Domain Atlas / Public benefits & eligibility
ID.me identity verification as an unemployment eligibility gate
During the pandemic unemployment surge, a private facial-recognition identity check operated as a de facto eligibility gate for unemployment benefits in at least 25 U.S. state workforce agencies, with a live 'trusted referee' interview queue that House investigators documented averaging nearly 10 hours in North Dakota and over 4 hours in 14 of 21 states, versus about 6 minutes in New Jersey where an in-person option existed. Oregon's own one-month study (n=10,656 routed) recorded verification-completion differences by group -- for example 41.59% for African American and 34.48% for Spanish-language claimants versus 53.44% for White claimants -- but stated the study showed differences in completion and did not show causation, so these are a friction proxy, not a measured wrongful-denial rate. The U.S. Department of Labor does not collect or report the number of workers blocked for inability to verify identity, and where verification precedes filing those workers are not counted as denied claims at all, so the scale of any wrongful lockout is undocumented.[4]
What happened
During the pandemic unemployment surge, states rushed to place a remote identity check in front of benefit payment. The private vendor ID.me signed its first state contract with Florida in June 2020, and within about a year held contracts with at least 25 state unemployment agencies for nearly $45 million, serving identity verification for roughly 30 state governments and 10 federal agencies (the IRS alone spent about $86 million on licenses).
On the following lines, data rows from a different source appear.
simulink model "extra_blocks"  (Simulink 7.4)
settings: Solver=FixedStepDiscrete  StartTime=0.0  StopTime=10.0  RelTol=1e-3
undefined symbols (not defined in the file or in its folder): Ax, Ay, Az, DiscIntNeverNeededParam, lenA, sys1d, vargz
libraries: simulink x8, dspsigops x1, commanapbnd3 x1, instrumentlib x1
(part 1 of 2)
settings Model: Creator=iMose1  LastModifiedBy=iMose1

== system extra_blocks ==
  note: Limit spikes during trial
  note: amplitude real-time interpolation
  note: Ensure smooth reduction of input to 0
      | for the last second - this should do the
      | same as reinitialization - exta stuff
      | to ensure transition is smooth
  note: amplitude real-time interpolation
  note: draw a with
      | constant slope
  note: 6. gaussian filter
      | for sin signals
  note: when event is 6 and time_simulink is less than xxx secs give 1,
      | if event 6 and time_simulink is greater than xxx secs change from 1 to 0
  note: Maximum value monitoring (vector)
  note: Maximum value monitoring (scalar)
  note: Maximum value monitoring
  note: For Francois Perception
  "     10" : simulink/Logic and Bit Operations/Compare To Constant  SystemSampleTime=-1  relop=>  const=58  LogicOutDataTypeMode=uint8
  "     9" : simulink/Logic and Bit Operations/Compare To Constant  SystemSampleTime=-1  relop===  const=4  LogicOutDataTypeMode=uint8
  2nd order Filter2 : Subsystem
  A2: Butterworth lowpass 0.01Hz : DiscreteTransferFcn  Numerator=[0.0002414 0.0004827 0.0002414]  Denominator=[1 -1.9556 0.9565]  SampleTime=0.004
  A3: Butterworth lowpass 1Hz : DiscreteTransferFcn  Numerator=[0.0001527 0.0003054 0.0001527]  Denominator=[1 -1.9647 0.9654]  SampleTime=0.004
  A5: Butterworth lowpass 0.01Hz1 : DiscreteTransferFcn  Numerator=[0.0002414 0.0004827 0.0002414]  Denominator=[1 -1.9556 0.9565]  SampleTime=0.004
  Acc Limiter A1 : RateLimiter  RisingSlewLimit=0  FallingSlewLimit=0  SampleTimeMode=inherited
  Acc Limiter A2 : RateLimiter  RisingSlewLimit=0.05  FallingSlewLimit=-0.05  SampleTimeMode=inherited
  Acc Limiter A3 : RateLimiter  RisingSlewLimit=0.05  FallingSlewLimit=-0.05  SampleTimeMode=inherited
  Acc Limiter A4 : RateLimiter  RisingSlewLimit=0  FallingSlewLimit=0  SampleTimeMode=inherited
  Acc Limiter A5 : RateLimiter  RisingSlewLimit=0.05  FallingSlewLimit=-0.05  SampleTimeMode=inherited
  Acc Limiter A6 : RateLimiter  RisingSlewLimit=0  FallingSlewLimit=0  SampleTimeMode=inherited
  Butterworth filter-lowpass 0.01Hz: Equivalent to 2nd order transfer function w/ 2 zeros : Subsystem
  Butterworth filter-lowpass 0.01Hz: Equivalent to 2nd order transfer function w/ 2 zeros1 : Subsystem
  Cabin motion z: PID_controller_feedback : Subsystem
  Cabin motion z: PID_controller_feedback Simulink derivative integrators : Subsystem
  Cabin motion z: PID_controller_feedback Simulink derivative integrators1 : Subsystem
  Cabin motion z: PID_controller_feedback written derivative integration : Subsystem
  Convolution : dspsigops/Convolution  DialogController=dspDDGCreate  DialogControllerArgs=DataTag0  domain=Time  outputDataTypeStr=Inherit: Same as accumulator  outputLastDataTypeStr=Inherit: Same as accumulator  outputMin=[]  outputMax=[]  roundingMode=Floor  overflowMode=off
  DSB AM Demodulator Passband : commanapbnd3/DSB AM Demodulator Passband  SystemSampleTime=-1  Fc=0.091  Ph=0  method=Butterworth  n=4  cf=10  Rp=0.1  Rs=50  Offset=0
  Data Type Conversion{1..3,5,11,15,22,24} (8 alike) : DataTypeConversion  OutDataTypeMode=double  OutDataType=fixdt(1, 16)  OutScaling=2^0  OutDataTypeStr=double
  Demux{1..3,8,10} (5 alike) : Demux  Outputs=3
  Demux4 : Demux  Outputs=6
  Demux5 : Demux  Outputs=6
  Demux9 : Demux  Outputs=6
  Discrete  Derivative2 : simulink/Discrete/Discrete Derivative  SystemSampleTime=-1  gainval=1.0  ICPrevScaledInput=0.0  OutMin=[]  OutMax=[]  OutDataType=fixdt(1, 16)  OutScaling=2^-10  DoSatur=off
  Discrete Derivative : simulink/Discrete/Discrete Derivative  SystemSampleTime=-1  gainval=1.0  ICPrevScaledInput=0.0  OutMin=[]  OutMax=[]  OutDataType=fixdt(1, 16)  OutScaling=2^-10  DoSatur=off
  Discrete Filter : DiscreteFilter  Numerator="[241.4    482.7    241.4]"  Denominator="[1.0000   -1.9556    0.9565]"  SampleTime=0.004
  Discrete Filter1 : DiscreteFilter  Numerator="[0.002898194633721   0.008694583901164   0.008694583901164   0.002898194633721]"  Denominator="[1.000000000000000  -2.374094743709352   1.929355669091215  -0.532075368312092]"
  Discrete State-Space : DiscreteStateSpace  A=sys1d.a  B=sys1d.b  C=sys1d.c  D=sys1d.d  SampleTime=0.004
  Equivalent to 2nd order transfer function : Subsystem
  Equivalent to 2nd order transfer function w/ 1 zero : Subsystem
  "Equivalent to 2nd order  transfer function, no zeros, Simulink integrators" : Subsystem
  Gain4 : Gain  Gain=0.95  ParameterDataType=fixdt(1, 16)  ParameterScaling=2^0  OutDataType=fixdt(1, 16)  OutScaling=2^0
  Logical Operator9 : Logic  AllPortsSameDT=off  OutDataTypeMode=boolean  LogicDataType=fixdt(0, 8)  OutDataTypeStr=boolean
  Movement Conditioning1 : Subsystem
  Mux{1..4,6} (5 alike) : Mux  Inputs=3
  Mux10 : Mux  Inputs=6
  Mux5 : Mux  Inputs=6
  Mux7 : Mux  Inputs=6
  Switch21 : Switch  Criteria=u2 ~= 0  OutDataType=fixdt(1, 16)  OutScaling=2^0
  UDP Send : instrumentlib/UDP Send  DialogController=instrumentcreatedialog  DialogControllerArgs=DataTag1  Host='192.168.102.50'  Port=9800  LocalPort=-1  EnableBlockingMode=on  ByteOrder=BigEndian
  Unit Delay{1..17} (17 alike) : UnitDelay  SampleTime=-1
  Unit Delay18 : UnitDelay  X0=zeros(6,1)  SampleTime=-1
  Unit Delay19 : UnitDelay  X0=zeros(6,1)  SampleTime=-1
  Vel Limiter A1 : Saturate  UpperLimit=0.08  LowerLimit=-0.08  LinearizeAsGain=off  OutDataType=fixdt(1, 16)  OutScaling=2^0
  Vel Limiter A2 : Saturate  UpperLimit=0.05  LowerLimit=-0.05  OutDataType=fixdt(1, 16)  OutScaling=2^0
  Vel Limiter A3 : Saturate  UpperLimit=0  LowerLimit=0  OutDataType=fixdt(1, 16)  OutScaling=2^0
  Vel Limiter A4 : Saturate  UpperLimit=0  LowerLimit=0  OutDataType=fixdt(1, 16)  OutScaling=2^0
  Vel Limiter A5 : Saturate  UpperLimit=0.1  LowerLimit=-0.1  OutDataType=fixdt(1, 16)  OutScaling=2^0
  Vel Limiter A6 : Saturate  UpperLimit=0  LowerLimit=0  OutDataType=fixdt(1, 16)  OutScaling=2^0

To verify, a claimant needed a smartphone or computer with a camera to upload a government ID and a live video selfie, which facial-recognition software matched; roughly 10 to 15 percent of applicants were routed onward to a live video interview with a vendor "trusted referee." A Department of Labor Inspector General audit (March 31, 2023) found 24 of 53 state workforce agencies — 45 percent — used a facial-recognition identity contractor, drawing on 10 different vendors.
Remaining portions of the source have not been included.